■ Assignment: Restrict the output to the lines below starting at the one that contains "line L23 (-177.5, -177.5)" and ending at the one that contains "arc A5 (33.5, -175)", and restate them word for word, both ends included.

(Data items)
■ ■ ■ ■ ■ ■ ■

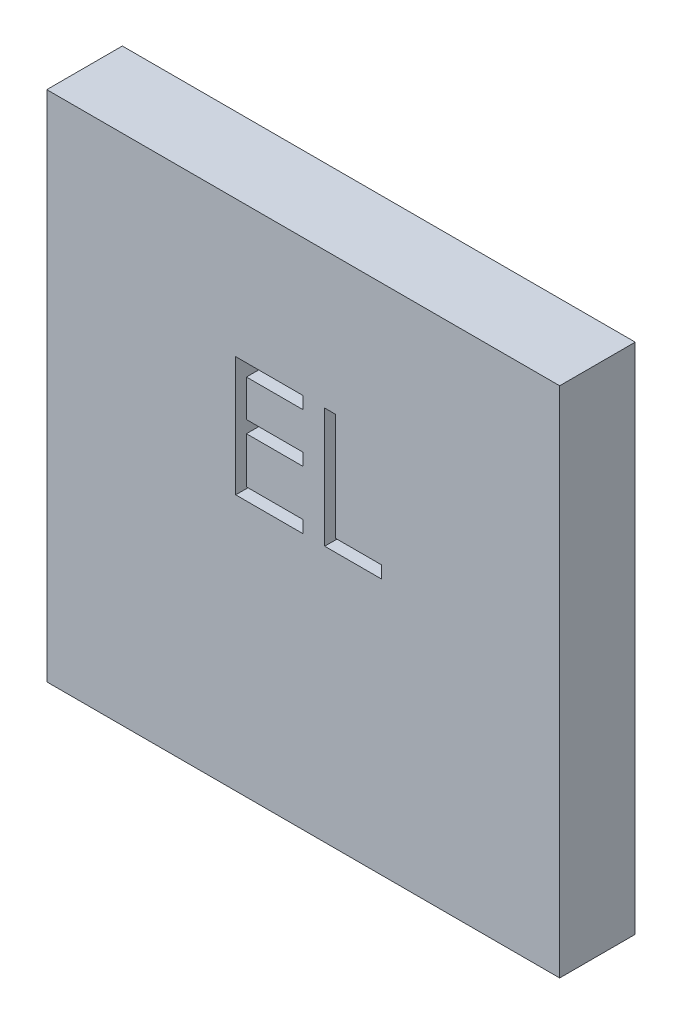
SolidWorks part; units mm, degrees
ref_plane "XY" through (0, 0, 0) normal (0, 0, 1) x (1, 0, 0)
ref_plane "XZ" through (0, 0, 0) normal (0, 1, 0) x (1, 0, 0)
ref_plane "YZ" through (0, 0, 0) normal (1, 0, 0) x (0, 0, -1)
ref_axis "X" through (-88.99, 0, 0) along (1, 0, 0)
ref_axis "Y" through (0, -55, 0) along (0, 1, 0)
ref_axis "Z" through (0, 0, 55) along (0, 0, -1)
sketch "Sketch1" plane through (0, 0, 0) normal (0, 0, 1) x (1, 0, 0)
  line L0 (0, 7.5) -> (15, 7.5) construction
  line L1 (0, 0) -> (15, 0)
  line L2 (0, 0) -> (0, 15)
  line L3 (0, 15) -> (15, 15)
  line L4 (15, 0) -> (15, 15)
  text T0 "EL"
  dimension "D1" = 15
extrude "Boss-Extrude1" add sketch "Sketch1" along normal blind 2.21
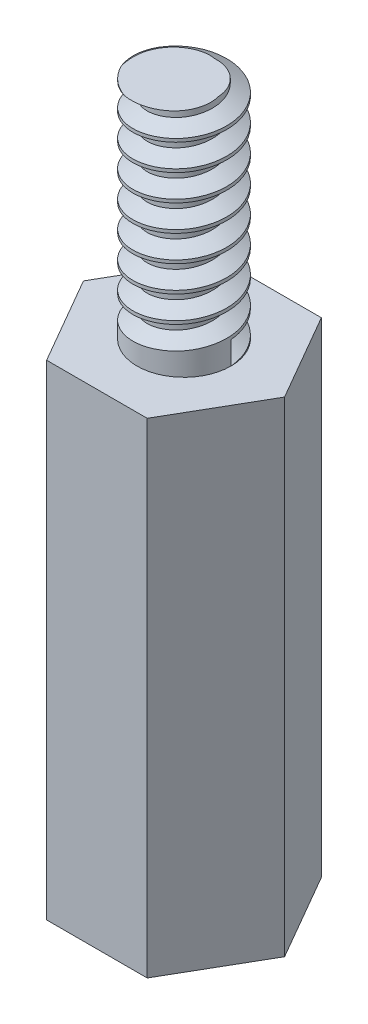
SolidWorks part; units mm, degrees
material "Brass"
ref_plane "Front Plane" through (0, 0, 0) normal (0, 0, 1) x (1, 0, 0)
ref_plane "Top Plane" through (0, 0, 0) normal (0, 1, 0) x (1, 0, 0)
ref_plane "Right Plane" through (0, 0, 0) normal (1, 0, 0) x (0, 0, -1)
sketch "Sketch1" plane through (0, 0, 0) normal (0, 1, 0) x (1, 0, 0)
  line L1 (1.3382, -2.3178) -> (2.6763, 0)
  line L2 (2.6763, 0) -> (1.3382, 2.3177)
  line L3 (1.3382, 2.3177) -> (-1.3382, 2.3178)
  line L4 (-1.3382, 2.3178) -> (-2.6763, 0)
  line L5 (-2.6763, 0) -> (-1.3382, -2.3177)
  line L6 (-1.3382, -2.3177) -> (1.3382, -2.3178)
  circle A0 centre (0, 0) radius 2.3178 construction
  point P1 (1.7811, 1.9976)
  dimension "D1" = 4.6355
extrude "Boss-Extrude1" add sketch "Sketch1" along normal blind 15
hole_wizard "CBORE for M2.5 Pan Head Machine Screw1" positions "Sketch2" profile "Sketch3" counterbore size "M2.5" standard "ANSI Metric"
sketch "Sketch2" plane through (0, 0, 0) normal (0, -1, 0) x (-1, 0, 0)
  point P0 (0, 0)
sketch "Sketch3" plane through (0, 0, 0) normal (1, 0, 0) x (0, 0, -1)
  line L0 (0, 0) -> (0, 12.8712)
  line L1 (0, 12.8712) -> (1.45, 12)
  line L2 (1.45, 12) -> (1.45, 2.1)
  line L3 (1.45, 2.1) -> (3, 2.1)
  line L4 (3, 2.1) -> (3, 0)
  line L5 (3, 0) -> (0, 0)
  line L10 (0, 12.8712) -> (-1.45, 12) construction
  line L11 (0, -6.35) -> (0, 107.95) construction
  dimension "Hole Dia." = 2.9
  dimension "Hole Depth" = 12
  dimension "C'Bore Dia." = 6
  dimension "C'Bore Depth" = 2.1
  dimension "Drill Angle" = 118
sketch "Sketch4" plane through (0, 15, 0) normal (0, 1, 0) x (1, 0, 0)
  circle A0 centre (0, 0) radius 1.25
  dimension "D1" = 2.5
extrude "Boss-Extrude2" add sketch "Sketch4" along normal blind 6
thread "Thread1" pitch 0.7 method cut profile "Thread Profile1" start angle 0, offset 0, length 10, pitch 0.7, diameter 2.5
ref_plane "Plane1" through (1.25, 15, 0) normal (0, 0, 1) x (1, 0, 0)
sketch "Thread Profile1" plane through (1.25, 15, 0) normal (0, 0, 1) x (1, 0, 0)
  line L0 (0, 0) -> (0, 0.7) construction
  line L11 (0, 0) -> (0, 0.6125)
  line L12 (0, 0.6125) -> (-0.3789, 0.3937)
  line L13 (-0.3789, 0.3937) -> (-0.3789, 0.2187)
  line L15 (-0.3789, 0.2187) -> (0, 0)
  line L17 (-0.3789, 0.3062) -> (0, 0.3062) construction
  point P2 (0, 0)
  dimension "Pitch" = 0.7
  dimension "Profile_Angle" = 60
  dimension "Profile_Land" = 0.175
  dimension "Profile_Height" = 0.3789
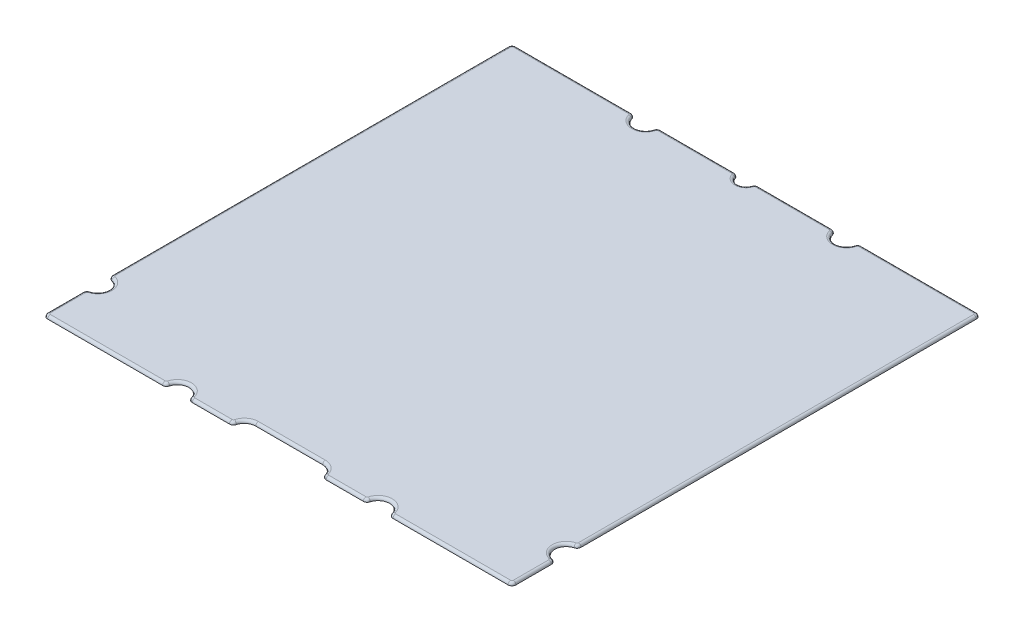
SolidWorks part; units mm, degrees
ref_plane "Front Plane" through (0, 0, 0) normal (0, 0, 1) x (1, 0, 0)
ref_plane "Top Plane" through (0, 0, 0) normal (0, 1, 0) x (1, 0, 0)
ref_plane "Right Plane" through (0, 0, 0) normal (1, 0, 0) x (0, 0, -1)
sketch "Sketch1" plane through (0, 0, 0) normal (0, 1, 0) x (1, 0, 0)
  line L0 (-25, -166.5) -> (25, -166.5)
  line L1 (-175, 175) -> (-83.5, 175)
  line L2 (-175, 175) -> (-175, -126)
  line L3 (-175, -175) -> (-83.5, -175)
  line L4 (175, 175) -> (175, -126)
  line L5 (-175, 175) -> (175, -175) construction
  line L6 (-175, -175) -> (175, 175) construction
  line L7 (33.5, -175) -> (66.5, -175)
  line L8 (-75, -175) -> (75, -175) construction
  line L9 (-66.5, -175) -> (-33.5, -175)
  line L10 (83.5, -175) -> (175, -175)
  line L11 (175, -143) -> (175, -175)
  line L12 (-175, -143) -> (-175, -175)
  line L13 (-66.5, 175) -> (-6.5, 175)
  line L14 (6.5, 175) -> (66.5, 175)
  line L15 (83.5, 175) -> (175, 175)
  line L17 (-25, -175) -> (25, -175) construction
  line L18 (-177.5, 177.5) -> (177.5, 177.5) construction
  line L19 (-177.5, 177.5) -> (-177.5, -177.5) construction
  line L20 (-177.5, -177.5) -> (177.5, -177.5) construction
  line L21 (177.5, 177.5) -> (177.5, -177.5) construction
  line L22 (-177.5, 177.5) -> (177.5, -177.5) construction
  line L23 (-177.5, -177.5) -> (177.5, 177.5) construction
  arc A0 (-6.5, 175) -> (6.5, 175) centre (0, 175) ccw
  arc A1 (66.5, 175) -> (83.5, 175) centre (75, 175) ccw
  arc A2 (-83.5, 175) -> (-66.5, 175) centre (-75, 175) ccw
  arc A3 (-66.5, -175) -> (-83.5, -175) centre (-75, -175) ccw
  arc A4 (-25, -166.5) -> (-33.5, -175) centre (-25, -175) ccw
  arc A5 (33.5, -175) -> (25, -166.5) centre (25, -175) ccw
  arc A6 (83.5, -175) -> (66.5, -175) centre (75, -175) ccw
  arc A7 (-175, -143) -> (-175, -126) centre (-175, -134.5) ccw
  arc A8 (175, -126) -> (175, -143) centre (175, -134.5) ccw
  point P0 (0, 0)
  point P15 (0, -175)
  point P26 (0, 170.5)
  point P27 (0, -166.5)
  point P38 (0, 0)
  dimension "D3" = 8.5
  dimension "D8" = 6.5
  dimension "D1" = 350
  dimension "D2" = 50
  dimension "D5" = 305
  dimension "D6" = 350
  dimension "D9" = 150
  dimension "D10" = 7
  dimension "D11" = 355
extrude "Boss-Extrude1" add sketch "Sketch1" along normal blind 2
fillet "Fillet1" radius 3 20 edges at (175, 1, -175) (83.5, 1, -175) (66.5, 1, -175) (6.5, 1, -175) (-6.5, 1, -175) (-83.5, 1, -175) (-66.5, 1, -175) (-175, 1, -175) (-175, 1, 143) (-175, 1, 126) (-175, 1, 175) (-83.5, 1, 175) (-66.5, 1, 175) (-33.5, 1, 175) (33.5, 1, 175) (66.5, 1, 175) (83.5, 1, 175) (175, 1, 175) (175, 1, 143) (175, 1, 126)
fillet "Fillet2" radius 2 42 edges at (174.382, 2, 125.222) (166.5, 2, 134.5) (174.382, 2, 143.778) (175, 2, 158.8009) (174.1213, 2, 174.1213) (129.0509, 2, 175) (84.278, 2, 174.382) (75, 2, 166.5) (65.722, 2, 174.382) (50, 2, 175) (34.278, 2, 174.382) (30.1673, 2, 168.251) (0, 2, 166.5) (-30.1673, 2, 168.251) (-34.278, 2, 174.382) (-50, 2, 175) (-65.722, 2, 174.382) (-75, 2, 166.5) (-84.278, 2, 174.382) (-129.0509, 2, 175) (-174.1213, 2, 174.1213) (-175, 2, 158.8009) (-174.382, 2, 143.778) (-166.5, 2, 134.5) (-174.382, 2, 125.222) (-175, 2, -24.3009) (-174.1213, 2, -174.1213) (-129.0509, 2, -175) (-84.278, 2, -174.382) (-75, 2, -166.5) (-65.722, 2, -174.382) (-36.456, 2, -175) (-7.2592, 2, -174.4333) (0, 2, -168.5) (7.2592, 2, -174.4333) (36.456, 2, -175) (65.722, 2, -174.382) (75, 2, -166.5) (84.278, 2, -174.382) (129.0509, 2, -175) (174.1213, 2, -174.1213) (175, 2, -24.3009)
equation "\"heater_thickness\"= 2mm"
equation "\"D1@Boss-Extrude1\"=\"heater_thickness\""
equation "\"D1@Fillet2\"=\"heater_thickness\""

■ ■ ■ ■ ■ ■ ■

■ Output of the exercise:
  line L23 (-177.5, -177.5) -> (177.5, 177.5) construction
  arc A0 (-6.5, 175) -> (6.5, 175) centre (0, 175) ccw
  arc A1 (66.5, 175) -> (83.5, 175) centre (75, 175) ccw
  arc A2 (-83.5, 175) -> (-66.5, 175) centre (-75, 175) ccw
  arc A3 (-66.5, -175) -> (-83.5, -175) centre (-75, -175) ccw
  arc A4 (-25, -166.5) -> (-33.5, -175) centre (-25, -175) ccw
  arc A5 (33.5, -175) -> (25, -166.5) centre (25, -175) ccw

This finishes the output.